Population density methods for large-scale modelling of neuronal networks with realistic synaptic kinetics: Cutting the dimension down to size

Evan Haskell, Duane Q. Nykamp, Daniel Tranchina

Research output: Contribution to journalArticle

Abstract

Population density methods provide promising time-saving alternatives to direct Monte Carlo simulations of neuronal network activity, in which one tracks the state of thousands of individual neurons and synapses. A population density method has been found to be roughly a hundred times faster than direct simulation for various test networks of integrate-and-fire model neurons with instantaneous excitatory and inhibitory post-synaptic conductances. In this method, neurons are grouped into large populations of similar neurons. For each population, one calculates the evolution of a probability density function (PDF) which describes the distribution of neurons over state space. The population firing rate is then given by the total flux of probability across the threshold voltage for firing an action potential. Extending the method beyond instantaneous synapses is necessary for obtaining accurate results, because synaptic kinetics play an important role in network dynamics.
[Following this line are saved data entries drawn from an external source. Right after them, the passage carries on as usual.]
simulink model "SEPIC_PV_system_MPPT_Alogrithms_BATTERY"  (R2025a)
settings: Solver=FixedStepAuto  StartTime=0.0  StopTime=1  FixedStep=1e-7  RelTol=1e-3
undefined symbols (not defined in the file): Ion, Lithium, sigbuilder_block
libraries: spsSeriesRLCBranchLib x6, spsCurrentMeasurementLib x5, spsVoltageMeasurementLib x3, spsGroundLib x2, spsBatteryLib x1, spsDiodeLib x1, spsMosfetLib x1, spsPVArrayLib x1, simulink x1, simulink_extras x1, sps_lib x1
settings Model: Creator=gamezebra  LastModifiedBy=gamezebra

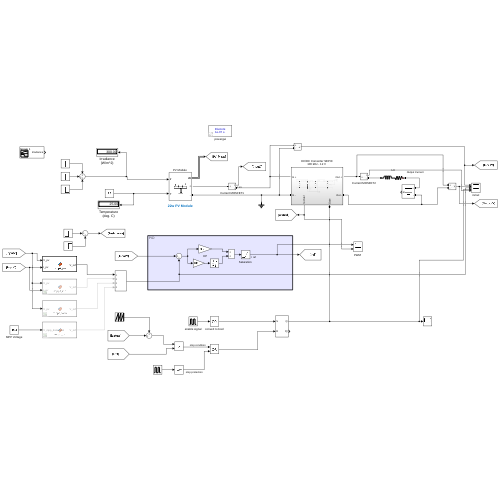
[thumbnail: Simulink's stored preview of the top-level diagram]
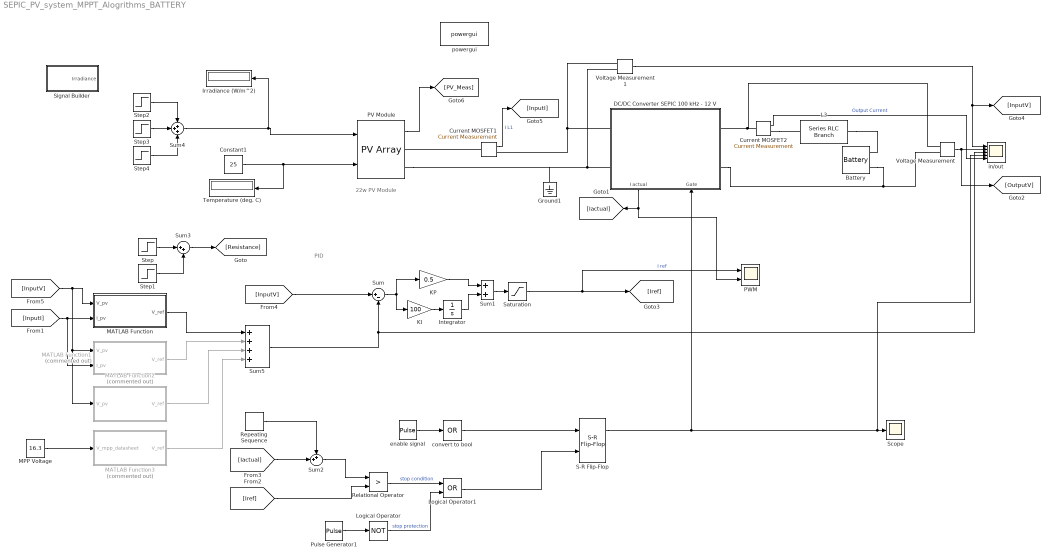
== system SEPIC_PV_system_MPPT_Alogrithms_BATTERY ==
  note: PID
  note: 22w PV Module
  Battery : spsBatteryLib/Battery  BatType=Lithium-Ion  NomV=10.8  NomQ=1  SOC=3  Batt_Tr=30  PresetModel=on  MaxQ=1  MinV=8.1  FullV=12.5711  Dis_rate=0.43478  R=0.108  Normal_OP=0.90435  expZone="[11.6682    0.0491304]"
  Constant1 : Constant  Value=25
  Current MOSFET1 : spsCurrentMeasurementLib/Current Measurement  PhasorSimulation=off  OutputType=Complex  PSBequivalent=0
  Current MOSFET2 : spsCurrentMeasurementLib/Current Measurement  PhasorSimulation=off  OutputType=Complex  PSBequivalent=0
  "DC/DC Converter SEPIC 100 kHz - 12 V " : Subsystem
      settings: PortSchema="{\"entries\":[{\"content\":{\"sides\":[{\"content\":{\"connectorIds\":[\"LConn1\",\"LConn2\"]},\"type\":\"ConnectorPlacement.EquallySpacedRectSide\",\"uuid\":\"91feb529-5820-4edf-8d0e-1c637fed9421\"},{\"content\":{\"connectorIds\":[\"RConn1\",\"RConn2\"],\"side\":\"RIGHT\"},\"type\":\"ConnectorPlacement.EquallySpacedRectSide\",\"uuid\":\"b4099113-c0ef-4c50-8083-88b14b98cc04\"},{\"content\":{\"side\":\"TOP\"},\"type\":\"ConnectorPlacement.EquallySpacedRectSide\",\"uuid\":\"250c6351-2de3-43d7-b6c9-3c3ed0452184\"},{\"content\":{\"connectorIds\":[\"Out1\",\"In1\"],\"side\":\"BOTTOM\"},\"type\":\"ConnectorPlacement.EquallySpacedRectSide\",\"uuid\":\"484af620-bbf2-4328-991e-a08b15b59058\"}]},\"type\":\"ConnectorPlacement.EquallySpacedConnector\",\"uuid\":\"7041a545-1967-46d5-8643-e26f6c990daf\"}],\"packageUris\":[\"http://schema.mathworks.com/mf0/Connector/R2020b\"],\"version\":\"1.0\"}"
  Ground1 : spsGroundLib/Ground  LConnTagsString=a
  Integrator : Integrator  LimitOutput=on  UpperSaturationLimit=8  LowerSaturationLimit=0
  Irradiance (W/m^2) : Display
      settings: Format=bank  Decimation=1000
  KI : Gain  Gain=100
  KP : Gain  Gain=0.5
  L3 : spsSeriesRLCBranchLib/Series RLC Branch  LConnTagsString=__new0  RConnTagsString=__new0  BranchType=RL  Resistance=0.1  Inductance=5e-6  SetiL0=off  InitialCurrent=0  Capacitance=1e-6  Setx0=off  InitialVoltage=0  Measurements=None
  Logical Operator : Logic  Operator=NOT  AllPortsSameDT=off  OutDataTypeStr=boolean
  Logical Operator1 : Logic  Operator=OR  AllPortsSameDT=off  OutDataTypeStr=boolean
  MATLAB Function : MATLAB Function  TreatAsAtomicUnit=on
  MATLAB Function1 : MATLAB Function  Commented=on  TreatAsAtomicUnit=on
  MATLAB Function2 : MATLAB Function  Commented=on  TreatAsAtomicUnit=on
  MATLAB Function3 : MATLAB Function  Commented=on  TreatAsAtomicUnit=on
  MPP Voltage : Constant  Value=16.3
  "PV Module " : spsPVArrayLib/PV Array  Npar=1  Nser=1  PlotType=one module @ 25 deg.C & specified irradiances  S_vec="[ 1000  500  200 ]"  Temp_C_vec=25  ModuleName=User-defined  PlotWhenSelected=off  Pm=21.6138  Ncell=30  Voc=17.76  Isc=1.5  Vm=16.3  Im=1.326  beta_Voc_pc=-0.37  alpha_Isc_pc=0.07  beta_Voc=-0.065712  alpha_Isc=0.00105  IL=1.5  I0=2.021e-11  nI=1.0007  Rsh=187.3567  Rs=0.40236  RobustModel=off  RobustCellTemperature=313.3991  BAL=on  Tc=1e-6  Tfilter=5e-5
  "PWM " : Scope  NumInputPorts=2
      settings: Title=PWM  ActiveDisplayYMinimum=3.3246670438564179  ActiveDisplayYMaximum=8.2208811739016561  YLabel=Amplitudo
  Pulse Generator1 : DiscretePulseGenerator  PulseType=Time based  Period=10e-6  PulseWidth=90
  Relational Operator : RelationalOperator  Operator=>  OutDataTypeStr=boolean  RndMeth=Simplest  InputSameDT=off
  Repeating Sequence : simulink/Sources/Repeating Sequence  rep_seq_t=[0 10e-6]  rep_seq_y=[0 2]
  S-R Flip-Flop : simulink_extras/Flip Flops/S-R Flip-Flop  initial_condition=0
  "Saturation " : Saturate  UpperLimit=8  LowerLimit=0
  Scope : Scope
      settings: ActiveDisplayYMinimum=-0.12499999999999997  ActiveDisplayYMaximum=1.125  DataLoggingVariableName=ScopeData2
  Signal Builder : Subsystem  Tag=STV Subsys  LoadFcn=sigbuilder_block('load');  StartFcn=sigbuilder_block('start');  StopFcn=sigbuilder_block('stop');  ClipboardFcn=sigbuilder_block('clipboard');  mask(Sigbuilder block){tuvar=[0:10]}
      mask help: Simulink:masks:SigbuilderBlock_MD
      mask init:
      | if ~strcmp(get_param(bdroot(gcbh),'SimulationStatus'),'stopped') tuvar = sigbuilder_block('maskInit'); end
      settings: CopyFcn=sigbuilder_block('copy');  DeleteFcn=sigbuilder_block('delete');  ModelCloseFcn=sigbuilder_block('modelClose');  PreSaveFcn=sigbuilder_block('preSave');  PauseFcn=sigbuilder_block('pause');  ContinueFcn=sigbuilder_block('continue');  NameChangeFcn=sigbuilder_block('namechange');  OpenFcn=sigbuilder_block('open',[237.75 162.75 783 471.75 ]);  CloseFcn=sigbuilder_block('close');
      mask Display: plot(0, 0, 100, 100,[2, 2, 32, 32, 2], [68, 8, 8, 68, 68],[32, 2], [38, 38], [32, 19, 2],[53, 60, 44], [32, 17, 17, 2],[16, 16, 31, 31]);txt = getActiveGroup(gcbh);text(2, 100, txt,'verticalAlignment', 'top');
  Step : Step  Time=0  After=0  SampleTime=0
  Step1 : Step  Time=0  After=30  SampleTime=0
  Step2 : Step  Time=0.3  Before=1000  After=800  SampleTime=0
  Step3 : Step  Time=0.5  After=-300  SampleTime=0
  Step4 : Step  Time=0.7  After=-200  SampleTime=0
  Sum : Sum  Inputs=|+-
  Sum1 : Sum
  Sum2 : Sum  Inputs=++|
  Sum3 : Sum  Inputs=|++
  Sum4 : Sum  Inputs=+++
  Sum5 : Sum  Inputs=++++
  Temperature (deg. C) : Display
      settings: Format=bank  Decimation=1000
  Voltage Measurement : spsVoltageMeasurementLib/Voltage Measurement  PhasorSimulation=off  OutputType=Complex  PSBequivalent=0
  Voltage Measurement1 : spsVoltageMeasurementLib/Voltage Measurement  PhasorSimulation=off  OutputType=Complex  PSBequivalent=0
  convert to bool : Logic  Operator=OR  Inputs=1  AllPortsSameDT=off  OutDataTypeStr=boolean
  enable signal : DiscretePulseGenerator  PulseType=Time based  Period=10e-6  PulseWidth=5
  in/out : Scope  NumInputPorts=5
      settings: Title=PWM  ActiveDisplayYMinimum=-3.0785426285562241  ActiveDisplayYMaximum=22.486425523480442  YLabel=Amplitudo  DataLoggingVariableName=ScopeData3
  powergui : sps_lib/powergui  Priority=1  SimulationMode=Discrete  SampleTime=1e-7  frequency=60  Iterations=50  frequencyindice=0  Pbase=100e6  ErrMax=1e-4  UnitsV=kV  UnitsW=MW  buscounter=0  FunctionMessages=off  echomessages=off  EnableUseOfTLC=off  CurrentSourceSwitches=off  DisableSnubberDevices=off  DisableRonSwitches=off  DisableVfSwitches=off  DisplayEquations=off  AutomaticDiscreteSolvers=off  SolverType=Tustin/Backward Euler (TBE)  Interpol=off  ExternalGateDelay=off  methode=off  Ts=100  x0status=blocks  SPID=on  SwTol=0  HookPort=off  NonlinearTolerance=1e-4  nMaxIteration=100  ContinueOnMaxIteration=off  RestoreLinks=warning  ResistiveCurrentMeasurement=off  Frange=[0:2:500]  Ylog=off  Xlog=on  ShowGrid=off  save=off  variable=ZData  structure=0  ZoomFFT=off  StartTime=0.0  cycles=1  DisplayStyle=1  fundamental=60  FreqAxis=off  MaxFrequency=1000  frequencyindicesteady=1  RmsSteady=1  display=off
  wires:
  Voltage Measurement1/1 -> in/out/1, [InputV]
  Voltage Measurement/1 -> [OutputV], in/out/2
  Step/1 -> Sum3/1
  Sum1/1 -> "Saturation "/1
  KI/1 -> Integrator/1
  Integrator/1 -> Sum1/2
  KP/1 -> Sum1/1
  Sum/1 -> KI/1, KP/1
  "Saturation "/1 -> "PWM "/1, [Iref]  "I ref"
  [InputV] -> Sum/1
  S-R Flip-Flop/1 -> in/out/4, Scope/1, "DC/DC Converter SEPIC 100 kHz - 12 V "/1(Gate)
  [Iactual] -> Sum2/2
  Pulse Generator1/1 -> Logical Operator/1
  Relational Operator/1 -> Logical Operator1/1  "stop condition"
  Logical Operator/1 -> Logical Operator1/2  "stop protection"
  "DC/DC Converter SEPIC 100 kHz - 12 V "/1(I actual) -> "PWM "/2, [Iactual]
  [Iref] -> Relational Operator/2
  Logical Operator1/1 -> S-R Flip-Flop/2
  enable signal/1 -> convert to bool/1
  convert to bool/1 -> S-R Flip-Flop/1
  Repeating Sequence/1 -> Sum2/1
  Sum2/1 -> Relational Operator/1
  Step1/1 -> Sum3/2
  Sum3/1 -> [Resistance]
  "PV Module "/1 -> [PV_Meas]
  Constant1/1 -> "PV Module "/2, Temperature (deg. C)/1
  Step3/1 -> Sum4/2
  Step2/1 -> Sum4/1
  Step4/1 -> Sum4/3
  Current MOSFET1/1 -> [InputI]  "I L1"
  [InputI] -> MATLAB Function1/2(I_pv), MATLAB Function/2(I_pv)
  [InputV] -> MATLAB Function2/1(V_pv), MATLAB Function1/1(V_pv), MATLAB Function/1(V_pv)
  MATLAB Function/1(V_ref) -> Sum5/1
  Sum4/1 -> Irradiance (W/m^2)/1, "PV Module "/1
  Sum5/1 -> in/out/3, Sum/2
  MATLAB Function1/1(V_ref) -> Sum5/2
  MATLAB Function2/1(V_ref) -> Sum5/3
  MATLAB Function3/1(V_ref) -> Sum5/4
  MPP Voltage/1 -> MATLAB Function3/1(V_mpp_datasheet)
  Current MOSFET2/1 -> in/out/5  "Output Current"
  connections:
  Voltage Measurement1/LConn1 -- Current MOSFET1/RConn1 -- "DC/DC Converter SEPIC 100 kHz - 12 V "/LConn1
  Current MOSFET2/RConn1 -- L3/RConn1
  "DC/DC Converter SEPIC 100 kHz - 12 V "/RConn2 -- Battery/LConn2 -- Voltage Measurement/LConn2
  "DC/DC Converter SEPIC 100 kHz - 12 V "/LConn2 -- Voltage Measurement1/LConn2 -- "PV Module "/RConn2 -- Ground1/LConn1
  Current MOSFET1/LConn1 -- "PV Module "/RConn1
  Voltage Measurement/LConn1 -- Current MOSFET2/LConn1 -- "DC/DC Converter SEPIC 100 kHz - 12 V "/RConn1
  L3/LConn1 -- Battery/LConn1

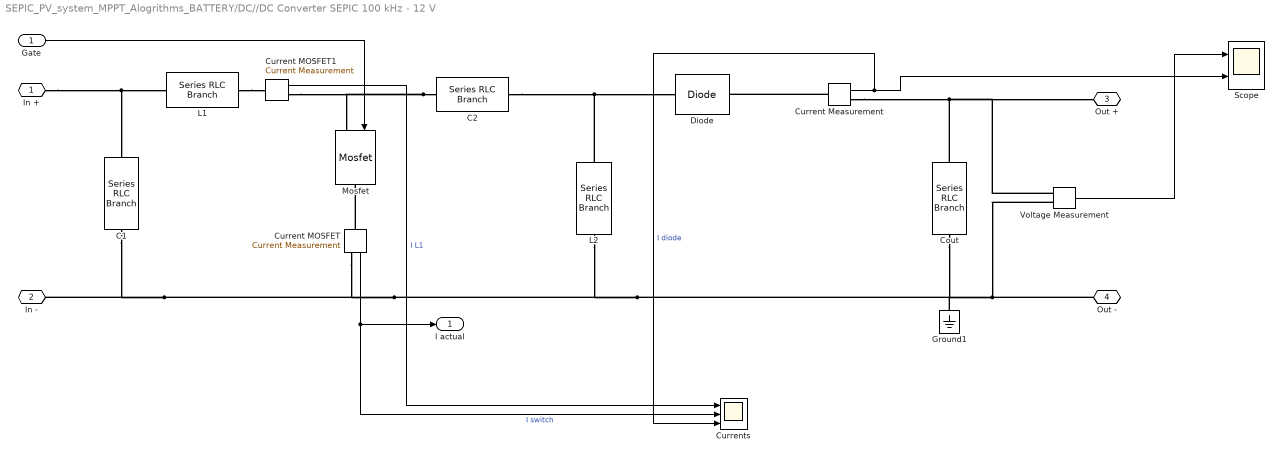
== system SEPIC_PV_system_MPPT_Alogrithms_BATTERY/DC//DC Converter SEPIC 100 kHz - 12 V  ==
  Gate : Inport
  C1 : spsSeriesRLCBranchLib/Series RLC Branch  LConnTagsString=__new0  RConnTagsString=__new0  BranchType=RC  Resistance=0.01  Inductance=1e-3  SetiL0=off  InitialCurrent=0  Capacitance=0.00001  Setx0=on  InitialVoltage=18  Measurements=None
  C2 : spsSeriesRLCBranchLib/Series RLC Branch  LConnTagsString=__new0  RConnTagsString=__new0  BranchType=C  Resistance=1  Inductance=1e-3  SetiL0=off  InitialCurrent=0  Capacitance=0.00001  Setx0=off  InitialVoltage=0  Measurements=None
  Cout : spsSeriesRLCBranchLib/Series RLC Branch  LConnTagsString=__new0  RConnTagsString=__new0  BranchType=RC  Resistance=0.01  Inductance=16.8e-3  SetiL0=off  InitialCurrent=0  Capacitance=0.0001  Setx0=on  InitialVoltage=11.63  Measurements=None
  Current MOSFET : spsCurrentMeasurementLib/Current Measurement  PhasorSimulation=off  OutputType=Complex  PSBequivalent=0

Embellishments incorporating more realistic synaptic kinetics for the underlying neuron model increase the dimension of the PDF, which was one-dimensional in the instantaneous synapse case. This increase in dimension causes a substantial increase in computation time to find the exact PDF, decreasing the computational speed advantage of the population density method over direct Monte Carlo simulation. We report here on a one-dimensional model of the PDF for neurons with arbitrary synaptic kinetics. The method is more accurate than the mean-field method in the steady state, where the mean-field approximation works best, and also under dynamic-stimulus conditions. The method is much faster than direct simulations. Limitations of the method are demonstrated, and possible improvements are discussed.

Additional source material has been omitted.